I only need to understand One thing….
There's so much that I don't understand about this past year, so many questions left unanswered…..
When I try to replay the events of this past year over in my mind, it's overwhelming and impossible to remember exactly how it all came about and when…….
All that I can remember, without hesitation, is the deep deep pain that our family has endured, and the many tears that we have cried.
The pain is still fresh, and raw, and real, and the trial far from being over……
There's still pain and tears, and many more questions, again, left unanswered.
And within me, there's this desire to fix it all and at the same time, there's this hard reality of knowing that I can't.
As I try to make sense of it all, I am aware that I may never know the answers to my many questions,
And I may never fully understand why this has had to go on for so very long…..
And quite frankly, it's hard for me to accept any and all of this.

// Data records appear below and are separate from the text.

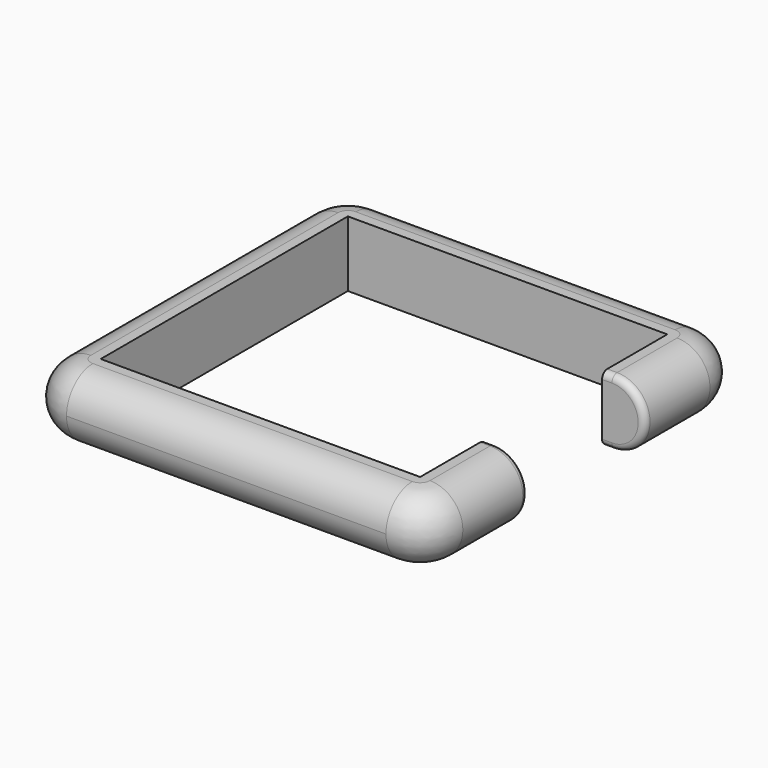
from build123d import *

# Parameters (mm, degrees)
F1_DEPTH  = 617.22
F0_W      = 19.05
F0_H      = 127
F2_DEPTH  = 596.9
F3_DEPTH  = 152.4
F6_ANGLE  = 90
F12_ANGLE = -90
F18_ANGLE = 90
F19_ANGLE = 90
F23_ANGLE = 90
F24_ANGLE = 90
F25_DEPTH = 5.08
F26_DEPTH = 5.08
F27_R     = 12.7


with BuildPart() as f1:
    # F0 (on Front) → F1 (new body)
    with BuildSketch(Plane.XZ):
        with BuildLine():
            Line((19.05, 127), (19.05, 63.5))
            Line((19.05, 63.5), (82.55, 63.5))
            ThreePointArc((82.55, 63.5), (63.9512806053, 108.4012806053), (19.05, 127))
        make_face()
        with BuildLine():
            Line((19.05, 63.5), (19.05, 0))
            ThreePointArc((19.05, 0), (63.9512806053, 18.5987193947), (82.55, 63.5))
            Line((82.55, 63.5), (19.05, 63.5))
        make_face()
        Polygon((0, 127), (0, 0), (19.05, 0), (19.05, 63.5), (19.05, 127), align=None)
    extrude(amount=F1_DEPTH)


with BuildPart() as f2:
    # F0 (on Front) → F2 (new body)
    with BuildSketch(Plane.XZ):
        with Locations((249.8001466751, 63.5)):
            Rectangle(F0_W, F0_H)
        with BuildLine():
            ThreePointArc((240.2751466751, 127), (195.3738660698, 108.4012806053), (176.7751466751, 63.5))
            ThreePointArc((176.7751466751, 63.5), (195.3738660698, 18.5987193947), (240.2751466751, 0))
            Line((240.2751466751, 0), (240.2751466751, 127))
        make_face()
    extrude(amount=F2_DEPTH)


with BuildPart() as f3:
    # F0 (on Front) → F3 (new body)
    with BuildSketch(Plane.XZ):
        with BuildLine():
            ThreePointArc((-240.2751466751, 0), (-195.3738660698, 18.5987193947), (-176.7751466751, 63.5))
            ThreePointArc((-176.7751466751, 63.5), (-195.3738660698, 108.4012806053), (-240.2751466751, 127))
            Line((-240.2751466751, 127), (-240.2751466751, 0))
        make_face()
        with Locations((-249.8001466751, 63.5)):
            Rectangle(F0_W, F0_H)
    extrude(amount=F3_DEPTH)


with BuildPart() as f4_1:
    # F4: copy of F3
    add(f3.part.moved(Location((127, 0, 0))))


with BuildPart() as f5_1:
    # F5: copy of F1
    add(f1.part.moved(Location((127, 127, 254))))


with BuildPart() as f5_1_1:
    # F6: moved
    add(f5_1.part.rotate(Axis((127, 127, 317.5), (0, 0, 1)), F6_ANGLE))


with BuildPart() as f5_1_2:
    # F9: moved
    add(f5_1_1.part.moved(Location((0, -127, -254))))


with BuildPart() as f5_1_3:
    # F11: moved
    add(f5_1_2.part.moved(Location((132.3251466751, 0, 0))))


with BuildPart() as f1_1:
    # F12: moved
    add(f1.part.rotate(Axis((0, -617.22, 63.5), (0, 0, 1)), F12_ANGLE))


with BuildPart() as f1_2:
    # F14: moved
    add(f1_1.part.moved(Location((0, 20.32, 0))))


with BuildPart() as f1_3:
    # F16: moved
    add(f1_2.part.moved(Location((259.3251466751, 0, 0))))


    add(f2.part)  # F18 merges F2
    # F2_face1 (on face) → F18 (revolve)
    with BuildSketch(Plane(origin=(223.4065289788, -596.9, 63.5), x_dir=(1, 0, 0), z_dir=(0, -1, 0))):
        with BuildLine():
            Line((35.9186176963, 63.5), (16.8686176963, 63.5))
            ThreePointArc((16.8686176963, 63.5), (-46.6313823037, 0), (16.8686176963, -63.5))
            Line((16.8686176963, -63.5), (35.9186176963, -63.5))
            Line((35.9186176963, -63.5), (35.9186176963, 63.5))
        make_face()
    revolve(axis=Axis((259.3251466751, -596.9, 63.5), (0, 0, 1)), revolution_arc=F18_ANGLE)


    add(f5_1_3.part)  # F19 merges F5_1
    # F0 (on Front) → F19 (revolve)
    with BuildSketch(Plane.XZ):
        with Locations((249.8001466751, 63.5)):
            Rectangle(F0_W, F0_H)
        with BuildLine():
            ThreePointArc((240.2751466751, 127), (195.3738660698, 108.4012806053), (176.7751466751, 63.5))
            ThreePointArc((176.7751466751, 63.5), (195.3738660698, 18.5987193947), (240.2751466751, 0))
            Line((240.2751466751, 0), (240.2751466751, 127))
        make_face()
    revolve(axis=Axis((259.3251466751, 0, 63.5), (0, 0, -1)), revolution_arc=F19_ANGLE)



with BuildPart() as f4_1_1:
    # F21: moved
    add(f4_1.part.moved(Location((1008.8702933502, -444.5, 0))))


with BuildPart() as f3_1:
    # F22: moved
    add(f3.part.moved(Location((1135.8702933502, 0, 0))))


with BuildPart() as f1_4:
    add(f1_3.part)

    add(f3_1.part)  # F23 merges F3
    # F5_face1 (on face) → F23 (revolve)
    with BuildSketch(Plane(origin=(876.5451466751, 35.9186176963, 63.5), x_dir=(0, 1, 0), z_dir=(1, 0, 0))):
        with BuildLine():
            ThreePointArc((-16.8686176963, -63.5), (46.6313823037, 0), (-16.8686176963, 63.5))
            Line((-16.8686176963, 63.5), (-35.9186176963, 63.5))
            Line((-35.9186176963, 63.5), (-35.9186176963, -63.5))
            Line((-35.9186176963, -63.5), (-16.8686176963, -63.5))
        make_face()
    revolve(axis=Axis((876.5451466751, 0, 63.5), (0, 0, -1)), revolution_arc=F23_ANGLE)


    add(f4_1_1.part)  # F24 merges F4_1
    # F1_face2 (on face) → F24 (revolve)
    with BuildSketch(Plane(origin=(876.5451466751, -632.8186176963, 63.5), x_dir=(0, 1, 0), z_dir=(1, 0, 0))):
        with BuildLine():
            ThreePointArc((16.8686176963, 63.5), (-46.6313823037, 0), (16.8686176963, -63.5))
            Line((16.8686176963, -63.5), (35.9186176963, -63.5))
            Line((35.9186176963, -63.5), (35.9186176963, 63.5))
            Line((35.9186176963, 63.5), (16.8686176963, 63.5))
        make_face()
    revolve(axis=Axis((876.5451466751, -596.9, 63.5), (0, 0, 1)), revolution_arc=F24_ANGLE)

    # F25 (add): a face of the model
    f25_faces = [f1_4.faces().sort_by_distance(p)[0] for p in [
        (912.4637643715, -444.5, 63.5),
    ]]
    extrude(f25_faces, amount=F25_DEPTH)

    # F26 (add): a face of the model
    f26_faces = [f1_4.faces().sort_by_distance(p)[0] for p in [
        (912.4637643715, -152.4, 63.5),
    ]]
    extrude(f26_faces, amount=F26_DEPTH)

    # F27
    f27_edges = [f1_4.edges().sort_by_distance(p)[0] for p in [
        (959.095147, -439.42, 63.5),
        (886.070147, -439.42, 127),
        (886.070147, -439.42, 0),
        (959.095147, -157.48, 63.5),
        (886.070147, -157.48, 127),
        (886.070147, -157.48, 0),
    ]]
    fillet(f27_edges, radius=F27_R)


solid = f1_4.part

Through the long, drawn out months of this trial, God has been at work, though at times, it wasn't easy to see…..
And little by little, he has stripped me down, tearing away the layers of my heart, making me bare before Him……
My heart isn't what it used to be…..it is now raw, and tender and so very broken and ready for repair.
You see, though this trial isn't what I have wanted,
God has shown me that's it's exactly what I need.
I needed to be brought to this place of desperation, this place of being raw before Him,
In order for Him to be able to change and mold this heart of mine….
Without the pain and the stripping away, He would be unable to shape me the way He sees fit…..
I've walked through enough fire to know that my God, He is good; I've tasted of his goodness and I know his Word to be true….
And so, as I continue on this pain-lined journey, I continue to trust in the One who promises to make my paths straight.
And I will cling to the Truth that He who has begun a good work in me will bring it to completion, in His time.